The federal judiciary has been a refuge of sorts since Donald Trump became president. Those seeking justice, and unable to find it in the actions of the White House and the Republican-led Congress, have turned to the courts, which have thwarted at least some of the administration’s excessive efforts.
This has certainly been true when it comes to the controversy over Trump’s Muslim ban, with a variety of courts rejecting the policy — in multiple iterations — as an unconstitutional infringement on the rights of a religious minority the president doesn’t like.
But in the end, one court has the final say — and it has a five-justice conservative majority.
The U.S. Supreme Court, in a 5-4 ruling, upheld President Donald Trump’s restriction on travel to the United States from a handful of Muslim countries on Tuesday, giving the White House its first high court victory on the merits of a presidential initiative.
Chief Justice John Roberts, writing for the majority, made it clear that the court viewed the ability to regulate immigration as squarely within a president’s powers and he rejected critics’ claims of anti-Muslim bias.

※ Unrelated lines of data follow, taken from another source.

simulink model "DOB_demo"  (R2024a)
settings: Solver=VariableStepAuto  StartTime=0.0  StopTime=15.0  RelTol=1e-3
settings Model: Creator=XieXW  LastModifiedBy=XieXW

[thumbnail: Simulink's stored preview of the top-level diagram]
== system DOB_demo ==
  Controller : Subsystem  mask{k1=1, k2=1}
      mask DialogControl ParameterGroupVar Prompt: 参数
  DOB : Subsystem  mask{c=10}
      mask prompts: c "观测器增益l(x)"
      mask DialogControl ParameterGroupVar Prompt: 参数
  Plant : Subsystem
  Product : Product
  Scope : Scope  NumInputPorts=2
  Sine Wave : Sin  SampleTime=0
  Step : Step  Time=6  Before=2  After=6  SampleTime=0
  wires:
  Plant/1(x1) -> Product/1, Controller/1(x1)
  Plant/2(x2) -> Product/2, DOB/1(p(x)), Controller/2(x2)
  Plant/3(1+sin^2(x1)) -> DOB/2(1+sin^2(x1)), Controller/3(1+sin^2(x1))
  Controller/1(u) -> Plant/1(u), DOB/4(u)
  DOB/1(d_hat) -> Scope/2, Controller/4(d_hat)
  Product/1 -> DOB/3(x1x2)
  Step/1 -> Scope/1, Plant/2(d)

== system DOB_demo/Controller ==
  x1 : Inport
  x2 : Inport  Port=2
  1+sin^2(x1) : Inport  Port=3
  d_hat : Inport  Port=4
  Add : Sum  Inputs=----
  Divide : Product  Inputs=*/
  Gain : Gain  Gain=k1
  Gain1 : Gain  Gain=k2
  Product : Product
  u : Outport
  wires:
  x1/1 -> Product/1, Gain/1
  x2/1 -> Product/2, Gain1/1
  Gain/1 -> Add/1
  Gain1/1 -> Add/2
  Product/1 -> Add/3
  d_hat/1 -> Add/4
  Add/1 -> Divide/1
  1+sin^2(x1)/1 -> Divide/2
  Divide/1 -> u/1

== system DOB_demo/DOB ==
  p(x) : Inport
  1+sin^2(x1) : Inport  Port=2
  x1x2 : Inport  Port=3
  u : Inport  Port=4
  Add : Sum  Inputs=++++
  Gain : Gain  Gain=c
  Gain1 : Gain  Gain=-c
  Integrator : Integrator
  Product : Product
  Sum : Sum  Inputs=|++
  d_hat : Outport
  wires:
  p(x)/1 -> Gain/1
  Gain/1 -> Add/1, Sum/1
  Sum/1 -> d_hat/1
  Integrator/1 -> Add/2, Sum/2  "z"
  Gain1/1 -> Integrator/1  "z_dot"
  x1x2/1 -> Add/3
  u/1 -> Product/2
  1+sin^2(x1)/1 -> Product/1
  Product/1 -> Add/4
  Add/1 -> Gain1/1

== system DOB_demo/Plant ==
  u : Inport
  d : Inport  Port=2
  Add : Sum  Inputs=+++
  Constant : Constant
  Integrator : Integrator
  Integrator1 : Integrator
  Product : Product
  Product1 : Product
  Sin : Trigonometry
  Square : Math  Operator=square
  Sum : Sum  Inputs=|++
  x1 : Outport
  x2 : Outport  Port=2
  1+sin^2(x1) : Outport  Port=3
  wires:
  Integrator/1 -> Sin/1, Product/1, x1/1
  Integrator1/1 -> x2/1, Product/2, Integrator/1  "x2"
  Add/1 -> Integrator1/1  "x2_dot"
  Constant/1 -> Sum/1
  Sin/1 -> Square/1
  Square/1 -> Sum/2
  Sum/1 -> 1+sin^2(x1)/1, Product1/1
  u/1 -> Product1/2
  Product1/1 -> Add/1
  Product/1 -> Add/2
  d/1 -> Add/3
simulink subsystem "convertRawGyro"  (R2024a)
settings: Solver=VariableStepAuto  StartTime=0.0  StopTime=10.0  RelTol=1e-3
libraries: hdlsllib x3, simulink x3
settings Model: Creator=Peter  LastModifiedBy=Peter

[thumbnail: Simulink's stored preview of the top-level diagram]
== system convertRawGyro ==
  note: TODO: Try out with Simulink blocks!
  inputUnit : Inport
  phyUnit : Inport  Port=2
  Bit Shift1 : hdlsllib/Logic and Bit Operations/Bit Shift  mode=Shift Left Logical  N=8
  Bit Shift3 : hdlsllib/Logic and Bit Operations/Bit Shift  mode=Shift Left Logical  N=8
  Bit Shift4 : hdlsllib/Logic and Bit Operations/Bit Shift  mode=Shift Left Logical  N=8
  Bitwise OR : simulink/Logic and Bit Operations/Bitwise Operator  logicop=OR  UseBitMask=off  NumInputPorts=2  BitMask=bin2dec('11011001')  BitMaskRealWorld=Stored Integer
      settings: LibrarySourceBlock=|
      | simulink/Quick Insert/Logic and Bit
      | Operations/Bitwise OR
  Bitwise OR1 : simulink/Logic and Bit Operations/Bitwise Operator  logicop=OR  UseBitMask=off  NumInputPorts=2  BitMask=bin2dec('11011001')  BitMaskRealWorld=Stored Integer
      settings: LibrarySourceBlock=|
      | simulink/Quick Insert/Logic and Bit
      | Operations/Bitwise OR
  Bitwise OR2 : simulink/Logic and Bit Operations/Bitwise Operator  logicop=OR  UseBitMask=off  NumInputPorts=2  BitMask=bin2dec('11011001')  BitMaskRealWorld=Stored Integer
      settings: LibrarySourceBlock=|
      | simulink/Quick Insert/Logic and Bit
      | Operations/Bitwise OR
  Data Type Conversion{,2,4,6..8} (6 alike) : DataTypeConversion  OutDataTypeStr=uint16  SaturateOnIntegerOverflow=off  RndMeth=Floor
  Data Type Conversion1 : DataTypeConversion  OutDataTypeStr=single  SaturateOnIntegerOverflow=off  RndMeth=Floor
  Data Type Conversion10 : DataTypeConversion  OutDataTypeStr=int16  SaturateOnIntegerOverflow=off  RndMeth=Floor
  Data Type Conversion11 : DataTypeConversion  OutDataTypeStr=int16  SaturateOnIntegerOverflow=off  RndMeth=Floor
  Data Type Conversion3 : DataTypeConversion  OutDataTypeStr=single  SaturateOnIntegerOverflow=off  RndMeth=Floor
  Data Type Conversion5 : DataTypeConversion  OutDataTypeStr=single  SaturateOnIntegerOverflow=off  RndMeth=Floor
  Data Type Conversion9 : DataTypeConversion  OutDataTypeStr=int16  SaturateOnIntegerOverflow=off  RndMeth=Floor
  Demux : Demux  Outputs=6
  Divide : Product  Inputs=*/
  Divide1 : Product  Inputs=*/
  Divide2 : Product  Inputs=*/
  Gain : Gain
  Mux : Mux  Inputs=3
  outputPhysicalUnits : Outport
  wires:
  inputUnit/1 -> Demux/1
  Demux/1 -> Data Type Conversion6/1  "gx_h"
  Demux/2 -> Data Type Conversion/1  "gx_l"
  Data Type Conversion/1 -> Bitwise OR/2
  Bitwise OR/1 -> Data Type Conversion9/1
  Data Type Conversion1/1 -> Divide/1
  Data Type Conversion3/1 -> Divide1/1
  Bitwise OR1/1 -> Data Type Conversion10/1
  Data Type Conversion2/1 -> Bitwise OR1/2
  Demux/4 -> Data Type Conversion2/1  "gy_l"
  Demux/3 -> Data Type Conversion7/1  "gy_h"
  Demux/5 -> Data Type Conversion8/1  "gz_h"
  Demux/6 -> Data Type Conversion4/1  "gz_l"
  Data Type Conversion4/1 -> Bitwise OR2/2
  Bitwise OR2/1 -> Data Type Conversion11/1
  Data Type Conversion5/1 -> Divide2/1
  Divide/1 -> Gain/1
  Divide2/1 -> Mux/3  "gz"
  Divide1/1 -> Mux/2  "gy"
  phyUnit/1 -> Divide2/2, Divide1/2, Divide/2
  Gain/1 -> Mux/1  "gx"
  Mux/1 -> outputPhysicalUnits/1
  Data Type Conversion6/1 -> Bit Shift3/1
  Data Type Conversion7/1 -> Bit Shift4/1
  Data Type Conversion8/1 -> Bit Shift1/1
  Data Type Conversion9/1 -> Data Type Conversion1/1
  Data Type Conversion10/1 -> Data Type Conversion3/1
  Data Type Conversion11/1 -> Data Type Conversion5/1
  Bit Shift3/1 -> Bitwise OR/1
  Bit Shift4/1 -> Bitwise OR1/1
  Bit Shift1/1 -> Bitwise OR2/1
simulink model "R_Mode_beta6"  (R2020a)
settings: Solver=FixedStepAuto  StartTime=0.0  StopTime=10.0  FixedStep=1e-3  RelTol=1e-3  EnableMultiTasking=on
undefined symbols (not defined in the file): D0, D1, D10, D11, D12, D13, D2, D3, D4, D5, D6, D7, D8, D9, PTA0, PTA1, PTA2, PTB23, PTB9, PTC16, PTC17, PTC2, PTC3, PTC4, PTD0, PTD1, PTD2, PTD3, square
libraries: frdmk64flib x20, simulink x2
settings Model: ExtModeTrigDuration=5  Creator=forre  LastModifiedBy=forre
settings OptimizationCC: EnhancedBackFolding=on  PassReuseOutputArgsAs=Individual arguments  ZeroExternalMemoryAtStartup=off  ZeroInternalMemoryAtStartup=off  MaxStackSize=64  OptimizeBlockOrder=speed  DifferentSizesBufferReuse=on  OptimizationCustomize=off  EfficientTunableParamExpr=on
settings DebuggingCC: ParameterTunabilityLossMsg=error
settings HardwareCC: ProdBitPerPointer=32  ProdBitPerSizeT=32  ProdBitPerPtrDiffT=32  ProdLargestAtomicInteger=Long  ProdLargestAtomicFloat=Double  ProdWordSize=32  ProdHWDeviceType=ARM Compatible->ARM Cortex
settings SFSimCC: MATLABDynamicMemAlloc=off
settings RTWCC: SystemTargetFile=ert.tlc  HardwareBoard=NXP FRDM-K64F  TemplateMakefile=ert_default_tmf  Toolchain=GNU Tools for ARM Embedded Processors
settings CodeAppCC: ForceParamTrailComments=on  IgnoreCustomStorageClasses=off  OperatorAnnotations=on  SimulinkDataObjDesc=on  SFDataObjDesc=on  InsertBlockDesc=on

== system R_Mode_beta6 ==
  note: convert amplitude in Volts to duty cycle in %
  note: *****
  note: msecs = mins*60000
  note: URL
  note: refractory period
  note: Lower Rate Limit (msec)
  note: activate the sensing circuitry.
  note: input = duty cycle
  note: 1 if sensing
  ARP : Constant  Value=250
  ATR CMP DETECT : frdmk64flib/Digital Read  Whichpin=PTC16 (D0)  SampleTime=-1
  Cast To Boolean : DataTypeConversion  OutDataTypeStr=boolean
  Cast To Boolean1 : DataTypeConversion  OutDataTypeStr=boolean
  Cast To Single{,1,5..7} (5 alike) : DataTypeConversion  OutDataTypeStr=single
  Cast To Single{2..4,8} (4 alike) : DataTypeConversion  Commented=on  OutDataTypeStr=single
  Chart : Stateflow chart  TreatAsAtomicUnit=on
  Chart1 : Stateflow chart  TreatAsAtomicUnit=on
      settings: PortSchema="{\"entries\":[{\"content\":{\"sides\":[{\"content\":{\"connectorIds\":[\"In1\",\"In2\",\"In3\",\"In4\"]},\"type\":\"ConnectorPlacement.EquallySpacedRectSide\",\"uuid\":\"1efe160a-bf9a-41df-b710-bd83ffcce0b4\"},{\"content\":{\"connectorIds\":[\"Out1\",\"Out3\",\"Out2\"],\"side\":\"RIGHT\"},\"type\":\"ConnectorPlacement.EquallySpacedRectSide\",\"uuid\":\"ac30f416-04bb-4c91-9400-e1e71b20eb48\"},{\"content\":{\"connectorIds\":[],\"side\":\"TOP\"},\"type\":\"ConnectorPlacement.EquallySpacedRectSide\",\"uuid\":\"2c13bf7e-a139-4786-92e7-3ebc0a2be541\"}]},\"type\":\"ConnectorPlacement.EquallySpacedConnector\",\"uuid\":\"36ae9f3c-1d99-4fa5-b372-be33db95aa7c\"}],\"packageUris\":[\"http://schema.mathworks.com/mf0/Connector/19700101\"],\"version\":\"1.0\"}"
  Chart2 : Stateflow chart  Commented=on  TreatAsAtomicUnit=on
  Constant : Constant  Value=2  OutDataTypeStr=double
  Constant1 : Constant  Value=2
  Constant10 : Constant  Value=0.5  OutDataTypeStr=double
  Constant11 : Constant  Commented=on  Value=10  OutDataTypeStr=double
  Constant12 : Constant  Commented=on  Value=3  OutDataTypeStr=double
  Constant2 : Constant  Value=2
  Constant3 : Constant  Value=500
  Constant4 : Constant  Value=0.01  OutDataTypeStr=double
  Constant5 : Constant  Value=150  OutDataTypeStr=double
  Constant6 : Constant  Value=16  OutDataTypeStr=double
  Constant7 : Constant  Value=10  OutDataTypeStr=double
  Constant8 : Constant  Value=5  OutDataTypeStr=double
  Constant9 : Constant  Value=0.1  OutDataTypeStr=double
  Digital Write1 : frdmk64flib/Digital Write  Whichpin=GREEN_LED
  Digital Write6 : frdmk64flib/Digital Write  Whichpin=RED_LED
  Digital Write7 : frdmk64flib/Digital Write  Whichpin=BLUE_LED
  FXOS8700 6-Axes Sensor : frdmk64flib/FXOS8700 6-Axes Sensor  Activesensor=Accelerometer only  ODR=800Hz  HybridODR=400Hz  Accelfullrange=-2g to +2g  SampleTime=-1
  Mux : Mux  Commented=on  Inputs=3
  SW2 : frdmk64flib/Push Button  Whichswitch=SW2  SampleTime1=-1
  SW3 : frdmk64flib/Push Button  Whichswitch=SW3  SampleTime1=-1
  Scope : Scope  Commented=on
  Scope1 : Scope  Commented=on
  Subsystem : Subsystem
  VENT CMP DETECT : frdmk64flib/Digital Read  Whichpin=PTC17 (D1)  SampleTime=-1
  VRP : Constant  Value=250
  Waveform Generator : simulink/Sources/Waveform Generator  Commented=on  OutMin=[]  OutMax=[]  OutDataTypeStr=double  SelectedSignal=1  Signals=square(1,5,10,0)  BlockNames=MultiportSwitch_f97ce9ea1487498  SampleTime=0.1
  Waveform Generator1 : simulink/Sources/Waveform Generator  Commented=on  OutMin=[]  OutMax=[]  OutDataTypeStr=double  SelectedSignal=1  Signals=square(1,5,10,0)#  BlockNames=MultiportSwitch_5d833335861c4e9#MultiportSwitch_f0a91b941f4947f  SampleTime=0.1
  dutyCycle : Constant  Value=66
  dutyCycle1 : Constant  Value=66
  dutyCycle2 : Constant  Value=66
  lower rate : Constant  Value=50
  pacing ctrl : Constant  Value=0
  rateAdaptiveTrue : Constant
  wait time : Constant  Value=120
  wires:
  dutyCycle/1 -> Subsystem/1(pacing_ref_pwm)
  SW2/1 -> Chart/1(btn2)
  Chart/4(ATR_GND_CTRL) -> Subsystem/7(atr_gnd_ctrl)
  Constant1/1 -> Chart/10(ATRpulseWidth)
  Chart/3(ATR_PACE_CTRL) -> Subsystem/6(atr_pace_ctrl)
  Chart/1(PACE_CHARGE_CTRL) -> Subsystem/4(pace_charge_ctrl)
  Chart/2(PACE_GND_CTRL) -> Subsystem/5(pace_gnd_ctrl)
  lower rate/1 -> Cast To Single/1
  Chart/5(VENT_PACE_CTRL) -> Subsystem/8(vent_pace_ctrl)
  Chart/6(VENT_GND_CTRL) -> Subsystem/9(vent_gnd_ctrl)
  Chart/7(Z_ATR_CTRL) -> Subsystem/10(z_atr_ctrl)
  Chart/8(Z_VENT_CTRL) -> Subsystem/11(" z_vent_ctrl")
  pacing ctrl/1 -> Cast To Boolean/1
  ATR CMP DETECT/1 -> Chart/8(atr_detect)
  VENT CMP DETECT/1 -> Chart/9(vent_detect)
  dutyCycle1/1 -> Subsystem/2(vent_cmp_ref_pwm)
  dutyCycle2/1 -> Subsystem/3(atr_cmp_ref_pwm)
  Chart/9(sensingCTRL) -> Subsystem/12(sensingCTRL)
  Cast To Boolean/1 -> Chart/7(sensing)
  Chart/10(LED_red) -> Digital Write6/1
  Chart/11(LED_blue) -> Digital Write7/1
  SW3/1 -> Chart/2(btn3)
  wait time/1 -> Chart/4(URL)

The full ruling in Trump v. Hawaii is online here. Roberts, alongside four other justices appointed by Republican presidents, characterized the White House’s policy as a permissible governmental policy “premised on legitimate purposes.”
The chief justice, looking past the president’s own explanation for the purpose of the policy, added, in reference to Trump’s order on the matter, “The text says nothing about religion.”
I’ll confess to being slightly confused. A few weeks ago, when siding with a cake-maker who discriminated against gay customers in Masterpiece Cakeshop v. Colorado Civil Rights Commission, the same five justices took very seriously the rhetoric from members of the Colorado Civil Rights Commission when siding with the plaintiffs. Three weeks later, those jurists are comfortable looking only at the text of a policy and have no interest in the words of the president who’s executing the policy?
In a concurring opinion, Justice Anthony Kennedy seemed to suggest that he wasn’t pleased with Trump’s rhetoric, but he concluded that Trump’s policy is nevertheless legally sound.